Stability and Validation Tiers¶
StatsPAI now separates API lifecycle from numerical validation evidence. This is the main correction to the older catalogue: stability='stable' no longer means "R/Stata parity-grade" by itself.
Three Fields¶
| Field | Scope | Meaning |
|---|---|---|
stability |
whole function API | stable, experimental, or deprecated |
validation_status |
evidence for numerical output | certified, validated, api_stable, experimental, or deprecated |
limitations |
parameter/variant gaps | documented unsupported variants inside an otherwise usable function |
Use stability when you care about public API compatibility. Use validation_status when you care about audited numerical evidence.

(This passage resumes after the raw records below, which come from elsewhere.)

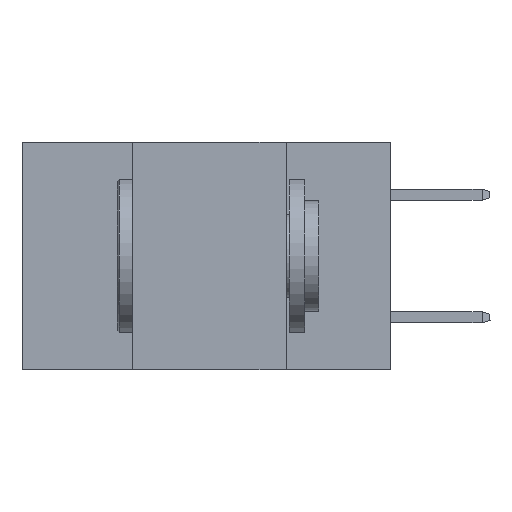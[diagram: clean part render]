
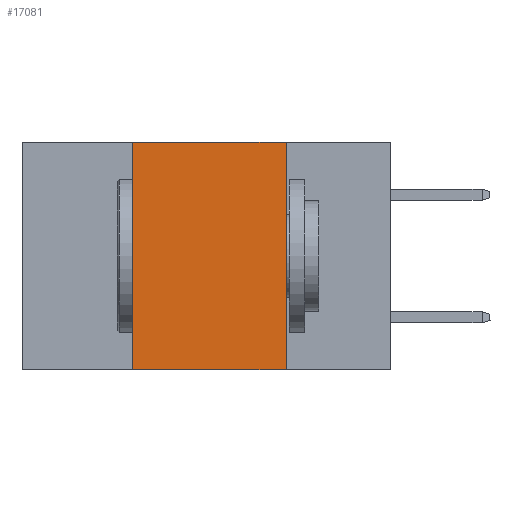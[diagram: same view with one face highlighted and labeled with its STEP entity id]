
A CAD part, left-side view. The second image highlights one B-rep face of the part: STEP entity #17081.
In plain terms, the highlighted planar face has unit normal (-1, 0, 0).
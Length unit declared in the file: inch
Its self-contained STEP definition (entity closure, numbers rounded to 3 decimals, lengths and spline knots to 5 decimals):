
#4513 = ORIENTED_EDGE ( 'NONE', *, *, #28564, .F. ) ;
#4853 = VERTEX_POINT ( 'NONE', #6104 ) ;
#6104 = CARTESIAN_POINT ( 'NONE',  ( 0., 0.17, -0.37 ) ) ;
#7104 = CARTESIAN_POINT ( 'NONE',  ( 0., 0.6, -0.37 ) ) ;
#8259 = ORIENTED_EDGE ( 'NONE', *, *, #15564, .T. ) ;
#8605 = DIRECTION ( 'NONE',  ( 0., 0., -1. ) ) ;
#9020 = VECTOR ( 'NONE', #17049, 39.37008 ) ;
#10167 = CARTESIAN_POINT ( 'NONE',  ( 0., 0.42, -0.37 ) ) ;
#10524 = VERTEX_POINT ( 'NONE', #10167 ) ;
#12477 = ORIENTED_EDGE ( 'NONE', *, *, #30977, .F. ) ;
#12769 = VERTEX_POINT ( 'NONE', #14590 ) ;
#14361 = VECTOR ( 'NONE', #22544, 39.37008 ) ;
#14590 = CARTESIAN_POINT ( 'NONE',  ( 0., 0.17, 0. ) ) ;
#15050 = CARTESIAN_POINT ( 'NONE',  ( 0., 0.6, 0. ) ) ;
#15564 = EDGE_CURVE ( 'NONE', #10524, #4853, #18924, .T. ) ;
#17049 = DIRECTION ( 'NONE',  ( 0., -1., 0. ) ) ;
#17081 = ADVANCED_FACE ( 'NONE', ( #19305 ), #37676, .F. ) ;
#17961 = CARTESIAN_POINT ( 'NONE',  ( 0., 0.42, 0. ) ) ;
#18924 = LINE ( 'NONE', #7104, #9020 ) ;
#19284 = CARTESIAN_POINT ( 'NONE',  ( 0., 0.42, 0. ) ) ;
#19305 = FACE_OUTER_BOUND ( 'NONE', #29488, .T. ) ;
#21806 = CARTESIAN_POINT ( 'NONE',  ( 0., 0.6, 0. ) ) ;
#21901 = VECTOR ( 'NONE', #34444, 39.37008 ) ;
#22544 = DIRECTION ( 'NONE',  ( 0., 0., 1. ) ) ;
#26586 = CARTESIAN_POINT ( 'NONE',  ( 0., 0.17, 0. ) ) ;
#28234 = DIRECTION ( 'NONE',  ( 1., 0., 0. ) ) ;
#28564 = EDGE_CURVE ( 'NONE', #10524, #39439, #39968, .T. ) ;
#29488 = EDGE_LOOP ( 'NONE', ( #36185, #12477, #4513, #8259 ) ) ;
#29797 = DIRECTION ( 'NONE',  ( 0., 0., -1. ) ) ;
#30389 = LINE ( 'NONE', #15050, #21901 ) ;
#30977 = EDGE_CURVE ( 'NONE', #39439, #12769, #30389, .T. ) ;
#32253 = AXIS2_PLACEMENT_3D ( 'NONE', #21806, #28234, #8605 ) ;
#34444 = DIRECTION ( 'NONE',  ( 0., -1., 0. ) ) ;
#36007 = VECTOR ( 'NONE', #29797, 39.37008 ) ;
#36185 = ORIENTED_EDGE ( 'NONE', *, *, #39195, .F. ) ;
#37018 = LINE ( 'NONE', #26586, #36007 ) ;
#37676 = PLANE ( 'NONE',  #32253 ) ;
#39195 = EDGE_CURVE ( 'NONE', #12769, #4853, #37018, .T. ) ;
#39439 = VERTEX_POINT ( 'NONE', #17961 ) ;
#39968 = LINE ( 'NONE', #19284, #14361 ) ;
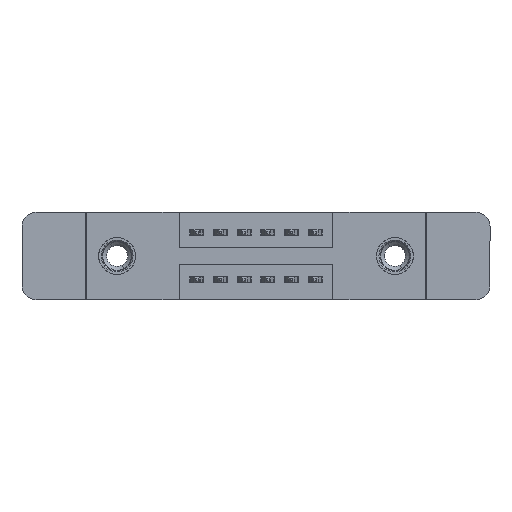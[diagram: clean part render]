
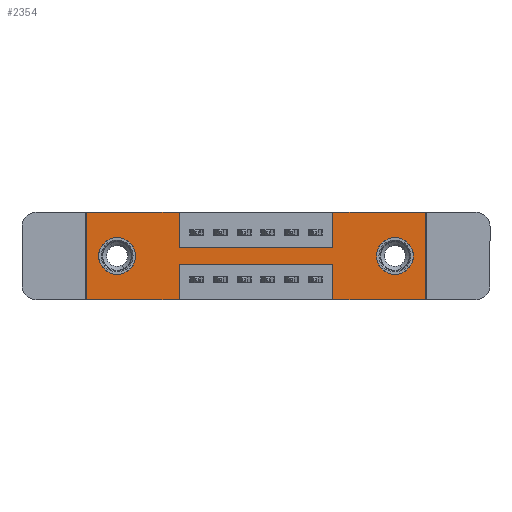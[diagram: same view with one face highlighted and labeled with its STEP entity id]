
A CAD part, front view. The second image highlights one B-rep face of the part: STEP entity #2354.
In plain terms, the highlighted planar face has unit normal (0, -1, 0).
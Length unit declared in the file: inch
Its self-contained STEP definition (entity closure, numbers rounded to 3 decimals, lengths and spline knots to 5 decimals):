
#143 = CARTESIAN_POINT ( 'NONE',  ( 0., 0., 0. ) ) ;
#230 = VERTEX_POINT ( 'NONE', #143 ) ;
#326 = CARTESIAN_POINT ( 'NONE',  ( 1.435, 0., -0.37 ) ) ;
#341 = EDGE_CURVE ( 'NONE', #230, #4790, #2258, .T. ) ;
#396 = CARTESIAN_POINT ( 'NONE',  ( 0.3925, 0., -0.37 ) ) ;
#493 = LINE ( 'NONE', #8059, #7384 ) ;
#551 = CARTESIAN_POINT ( 'NONE',  ( 0.13, 0., -0.107 ) ) ;
#605 = DIRECTION ( 'NONE',  ( 0., 1., 0. ) ) ;
#616 = EDGE_CURVE ( 'NONE', #4238, #6219, #13648, .T. ) ;
#646 = PLANE ( 'NONE',  #6110 ) ;
#653 = DIRECTION ( 'NONE',  ( 0., 0., -1. ) ) ;
#684 = AXIS2_PLACEMENT_3D ( 'NONE', #8527, #7327, #5171 ) ;
#695 = DIRECTION ( 'NONE',  ( 0., 0., -1. ) ) ;
#716 = VECTOR ( 'NONE', #6824, 39.37008 ) ;
#732 = AXIS2_PLACEMENT_3D ( 'NONE', #10737, #4841, #8293 ) ;
#788 = CARTESIAN_POINT ( 'NONE',  ( 0., 0., -0.37 ) ) ;
#803 = ORIENTED_EDGE ( 'NONE', *, *, #8307, .F. ) ;
#841 = CARTESIAN_POINT ( 'NONE',  ( 1.305, 0., -0.185 ) ) ;
#859 = LINE ( 'NONE', #10903, #9363 ) ;
#928 = EDGE_CURVE ( 'NONE', #1338, #8566, #11184, .T. ) ;
#1052 = LINE ( 'NONE', #2601, #12452 ) ;
#1168 = EDGE_CURVE ( 'NONE', #9412, #1671, #10627, .T. ) ;
#1181 = VERTEX_POINT ( 'NONE', #10227 ) ;
#1210 = VECTOR ( 'NONE', #5944, 39.37008 ) ;
#1338 = VERTEX_POINT ( 'NONE', #14201 ) ;
#1520 = CARTESIAN_POINT ( 'NONE',  ( 0.3925, 0., -0.22 ) ) ;
#1671 = VERTEX_POINT ( 'NONE', #11321 ) ;
#1704 = DIRECTION ( 'NONE',  ( 1., 0., 0. ) ) ;
#2178 = VERTEX_POINT ( 'NONE', #11927 ) ;
#2228 = FACE_BOUND ( 'NONE', #7922, .T. ) ;
#2258 = LINE ( 'NONE', #12858, #1210 ) ;
#2295 = VERTEX_POINT ( 'NONE', #4756 ) ;
#2354 = ADVANCED_FACE ( 'NONE', ( #2228, #13297, #7912 ), #646, .T. ) ;
#2476 = CARTESIAN_POINT ( 'NONE',  ( 0.3925, 0., -0.22 ) ) ;
#2588 = ORIENTED_EDGE ( 'NONE', *, *, #341, .F. ) ;
#2601 = CARTESIAN_POINT ( 'NONE',  ( 0., 0., 0. ) ) ;
#2662 = CARTESIAN_POINT ( 'NONE',  ( 0.3925, 0., 0. ) ) ;
#2696 = CARTESIAN_POINT ( 'NONE',  ( 1.305, 0., -0.185 ) ) ;
#2721 = CARTESIAN_POINT ( 'NONE',  ( 1.0425, 0., 0. ) ) ;
#2729 = DIRECTION ( 'NONE',  ( 0., 0., -1. ) ) ;
#2804 = CIRCLE ( 'NONE', #8973, 0.078 ) ;
#2925 = ORIENTED_EDGE ( 'NONE', *, *, #4572, .T. ) ;
#3122 = CARTESIAN_POINT ( 'NONE',  ( 0.13, 0., -0.263 ) ) ;
#3189 = DIRECTION ( 'NONE',  ( 0., 0., -1. ) ) ;
#3234 = CARTESIAN_POINT ( 'NONE',  ( 1.0425, 0., -0.15 ) ) ;
#3344 = VECTOR ( 'NONE', #7108, 39.37008 ) ;
#3362 = CIRCLE ( 'NONE', #684, 0.078 ) ;
#3641 = EDGE_CURVE ( 'NONE', #6219, #1338, #9687, .T. ) ;
#3651 = VERTEX_POINT ( 'NONE', #3122 ) ;
#3789 = DIRECTION ( 'NONE',  ( 0., 0., 1. ) ) ;
#3841 = LINE ( 'NONE', #396, #10420 ) ;
#3857 = DIRECTION ( 'NONE',  ( 0., 0., 1. ) ) ;
#3880 = EDGE_LOOP ( 'NONE', ( #4227, #803, #6640, #5564, #6687, #9602, #14059, #14347, #10026, #2588, #6264, #14007 ) ) ;
#3921 = CARTESIAN_POINT ( 'NONE',  ( 0., 0., -0.37 ) ) ;
#4227 = ORIENTED_EDGE ( 'NONE', *, *, #13744, .F. ) ;
#4238 = VERTEX_POINT ( 'NONE', #11854 ) ;
#4529 = ORIENTED_EDGE ( 'NONE', *, *, #12180, .T. ) ;
#4572 = EDGE_CURVE ( 'NONE', #1181, #2178, #12548, .T. ) ;
#4672 = LINE ( 'NONE', #2476, #10373 ) ;
#4756 = CARTESIAN_POINT ( 'NONE',  ( 0.3925, 0., -0.15 ) ) ;
#4790 = VERTEX_POINT ( 'NONE', #2662 ) ;
#4841 = DIRECTION ( 'NONE',  ( 0., 1., 0. ) ) ;
#5049 = VECTOR ( 'NONE', #6528, 39.37008 ) ;
#5171 = DIRECTION ( 'NONE',  ( 0., 0., 1. ) ) ;
#5564 = ORIENTED_EDGE ( 'NONE', *, *, #3641, .F. ) ;
#5673 = CARTESIAN_POINT ( 'NONE',  ( 1.0425, 0., -0.22 ) ) ;
#5944 = DIRECTION ( 'NONE',  ( 1., 0., 0. ) ) ;
#5966 = CARTESIAN_POINT ( 'NONE',  ( 0.3925, 0., 0. ) ) ;
#6110 = AXIS2_PLACEMENT_3D ( 'NONE', #3921, #14207, #695 ) ;
#6219 = VERTEX_POINT ( 'NONE', #326 ) ;
#6264 = ORIENTED_EDGE ( 'NONE', *, *, #13116, .F. ) ;
#6370 = CIRCLE ( 'NONE', #732, 0.078 ) ;
#6528 = DIRECTION ( 'NONE',  ( -1., 0., 0. ) ) ;
#6530 = CARTESIAN_POINT ( 'NONE',  ( 1.0425, 0., -0.37 ) ) ;
#6640 = ORIENTED_EDGE ( 'NONE', *, *, #928, .F. ) ;
#6687 = ORIENTED_EDGE ( 'NONE', *, *, #616, .F. ) ;
#6824 = DIRECTION ( 'NONE',  ( 0., 0., 1. ) ) ;
#7108 = DIRECTION ( 'NONE',  ( 0., 0., -1. ) ) ;
#7139 = DIRECTION ( 'NONE',  ( -1., 0., 0. ) ) ;
#7327 = DIRECTION ( 'NONE',  ( 0., 1., 0. ) ) ;
#7384 = VECTOR ( 'NONE', #12673, 39.37008 ) ;
#7407 = VECTOR ( 'NONE', #3857, 39.37008 ) ;
#7441 = EDGE_CURVE ( 'NONE', #3651, #11570, #3362, .T. ) ;
#7912 = FACE_OUTER_BOUND ( 'NONE', #3880, .T. ) ;
#7922 = EDGE_LOOP ( 'NONE', ( #2925, #10419 ) ) ;
#7929 = EDGE_CURVE ( 'NONE', #8821, #13347, #12098, .T. ) ;
#8059 = CARTESIAN_POINT ( 'NONE',  ( 0., 0., 0. ) ) ;
#8293 = DIRECTION ( 'NONE',  ( 0., 0., 1. ) ) ;
#8307 = EDGE_CURVE ( 'NONE', #8566, #8484, #4672, .T. ) ;
#8484 = VERTEX_POINT ( 'NONE', #1520 ) ;
#8527 = CARTESIAN_POINT ( 'NONE',  ( 0.13, 0., -0.185 ) ) ;
#8566 = VERTEX_POINT ( 'NONE', #5673 ) ;
#8821 = VERTEX_POINT ( 'NONE', #3234 ) ;
#8973 = AXIS2_PLACEMENT_3D ( 'NONE', #2696, #605, #653 ) ;
#8989 = AXIS2_PLACEMENT_3D ( 'NONE', #841, #11101, #3189 ) ;
#9363 = VECTOR ( 'NONE', #1704, 39.37008 ) ;
#9412 = VERTEX_POINT ( 'NONE', #14532 ) ;
#9544 = CARTESIAN_POINT ( 'NONE',  ( 1.0425, 0., 0. ) ) ;
#9602 = ORIENTED_EDGE ( 'NONE', *, *, #14475, .F. ) ;
#9687 = LINE ( 'NONE', #788, #5049 ) ;
#10026 = ORIENTED_EDGE ( 'NONE', *, *, #13236, .F. ) ;
#10227 = CARTESIAN_POINT ( 'NONE',  ( 1.305, 0., -0.107 ) ) ;
#10373 = VECTOR ( 'NONE', #7139, 39.37008 ) ;
#10419 = ORIENTED_EDGE ( 'NONE', *, *, #13357, .T. ) ;
#10420 = VECTOR ( 'NONE', #2729, 39.37008 ) ;
#10431 = DIRECTION ( 'NONE',  ( -1., 0., 0. ) ) ;
#10627 = LINE ( 'NONE', #13286, #13167 ) ;
#10737 = CARTESIAN_POINT ( 'NONE',  ( 0.13, 0., -0.185 ) ) ;
#10903 = CARTESIAN_POINT ( 'NONE',  ( 0.3925, 0., -0.15 ) ) ;
#11101 = DIRECTION ( 'NONE',  ( 0., 1., 0. ) ) ;
#11184 = LINE ( 'NONE', #6530, #716 ) ;
#11321 = CARTESIAN_POINT ( 'NONE',  ( 0., 0., -0.37 ) ) ;
#11350 = CARTESIAN_POINT ( 'NONE',  ( 1.435, 0., 0. ) ) ;
#11570 = VERTEX_POINT ( 'NONE', #551 ) ;
#11854 = CARTESIAN_POINT ( 'NONE',  ( 1.435, 0., 0. ) ) ;
#11927 = CARTESIAN_POINT ( 'NONE',  ( 1.305, 0., -0.263 ) ) ;
#12098 = LINE ( 'NONE', #2721, #7407 ) ;
#12180 = EDGE_CURVE ( 'NONE', #11570, #3651, #6370, .T. ) ;
#12452 = VECTOR ( 'NONE', #3789, 39.37008 ) ;
#12548 = CIRCLE ( 'NONE', #8989, 0.078 ) ;
#12673 = DIRECTION ( 'NONE',  ( 1., 0., 0. ) ) ;
#12858 = CARTESIAN_POINT ( 'NONE',  ( 0., 0., 0. ) ) ;
#13098 = ORIENTED_EDGE ( 'NONE', *, *, #7441, .T. ) ;
#13116 = EDGE_CURVE ( 'NONE', #1671, #230, #1052, .T. ) ;
#13167 = VECTOR ( 'NONE', #10431, 39.37008 ) ;
#13236 = EDGE_CURVE ( 'NONE', #4790, #2295, #13682, .T. ) ;
#13286 = CARTESIAN_POINT ( 'NONE',  ( 0., 0., -0.37 ) ) ;
#13297 = FACE_BOUND ( 'NONE', #13313, .T. ) ;
#13313 = EDGE_LOOP ( 'NONE', ( #4529, #13098 ) ) ;
#13347 = VERTEX_POINT ( 'NONE', #9544 ) ;
#13357 = EDGE_CURVE ( 'NONE', #2178, #1181, #2804, .T. ) ;
#13648 = LINE ( 'NONE', #11350, #14591 ) ;
#13682 = LINE ( 'NONE', #5966, #3344 ) ;
#13744 = EDGE_CURVE ( 'NONE', #8484, #9412, #3841, .T. ) ;
#13890 = EDGE_CURVE ( 'NONE', #2295, #8821, #859, .T. ) ;
#14007 = ORIENTED_EDGE ( 'NONE', *, *, #1168, .F. ) ;
#14059 = ORIENTED_EDGE ( 'NONE', *, *, #7929, .F. ) ;
#14201 = CARTESIAN_POINT ( 'NONE',  ( 1.0425, 0., -0.37 ) ) ;
#14207 = DIRECTION ( 'NONE',  ( 0., -1., 0. ) ) ;
#14347 = ORIENTED_EDGE ( 'NONE', *, *, #13890, .F. ) ;
#14475 = EDGE_CURVE ( 'NONE', #13347, #4238, #493, .T. ) ;
#14532 = CARTESIAN_POINT ( 'NONE',  ( 0.3925, 0., -0.37 ) ) ;
#14591 = VECTOR ( 'NONE', #14745, 39.37008 ) ;
#14745 = DIRECTION ( 'NONE',  ( 0., 0., -1. ) ) ;

Current JSS source-snapshot audit counts: 52 certified, 25 validated, 940 api_stable, and 3 experimental registry symbols. The intentionally harsh denominator is that 751 stable auto-registered symbols still lack parity backing; treat them as API-stable, not numerically validated. The audit decomposes that denominator into class-like/function-like and category counts, so breadth remains auditable rather than becoming a hidden validation claim. Within the hand-written stable API surface, the current audit enforces zero unbacked entries: API-only helpers carry unit-contract evidence while remaining api_stable, not numerically validated. Unit and regression tests are API-contract evidence; they do not promote a function to validated without known-truth, reference-parity, external-parity, coverage, or explicit convention evidence. Paper-JSS/replication/results/validation_evidence_audit.{json,md} verifies that all 77 certified/validated symbols have registry-attached evidence notes, that certified symbols carry attached R/Stata parity-module evidence, and that validated symbols are not backed only by unit/regression tests. Package metadata is still 1.16.0; source-snapshot fixes marked 1.16.0+ should be synchronized with a tagged release before final publication. The JSS archive records this boundary in Paper-JSS/replication/results/source_snapshot_manifest.{json,md}, and cd Paper-JSS && make release-audit is the strict gate for a clean tagged final-publication snapshot.
Stability¶
stable: public signature is locked under SemVer minor releases.experimental: method/API may shift across minor versions.deprecated: scheduled for removal; replacement should be documented inMIGRATION.md.
Validation¶
certified: cross-language or published-reference parity evidence exists, usually fromtests/r_parity/,tests/stata_parity/, or published-replication fixtures.validated: known-truth, reference-parity, external-parity, coverage, or explicit convention evidence exists, but the function is not in the main Track A R/Stata harness.api_stable: stable public API. Unit/regression tests may attach API-contract evidence here, but that evidence is not numerical validation.experimental: mirrorsstability='experimental'.deprecated: mirrorsstability='deprecated'.
Filtering¶
import statspai as sp
sp.list_functions() # all registered functions
sp.list_functions(stability="stable") # stable API
sp.list_functions(validation_status="certified") # parity-backed functions
sp.agent_cards(validation_status="certified") # parity-backed agent cards
spec = sp.describe_function("regress")
spec["stability"] # "stable"
spec["validation_status"] # "certified"
spec["validation_notes"] # parity artifact / reference notes
statspai list --stability experimental
statspai list --validation certified
statspai describe rdrobust
sp.help() prints both STABILITY and VALIDATION count blocks. Per-function help shows Stability:, Validation:, Evidence:, and Known limitations when available.
Promotion Path¶
- Promote
experimentaltostablewhen the public API is ready for SemVer compatibility. - Promote
api_stabletovalidatedwhen analytic/reference parity tests exist. - Promote
validatedtocertifiedwhen the function enters the cross-language or published-reference parity harness. - Remove a
limitationonly when the unsupported variant lands with its own test.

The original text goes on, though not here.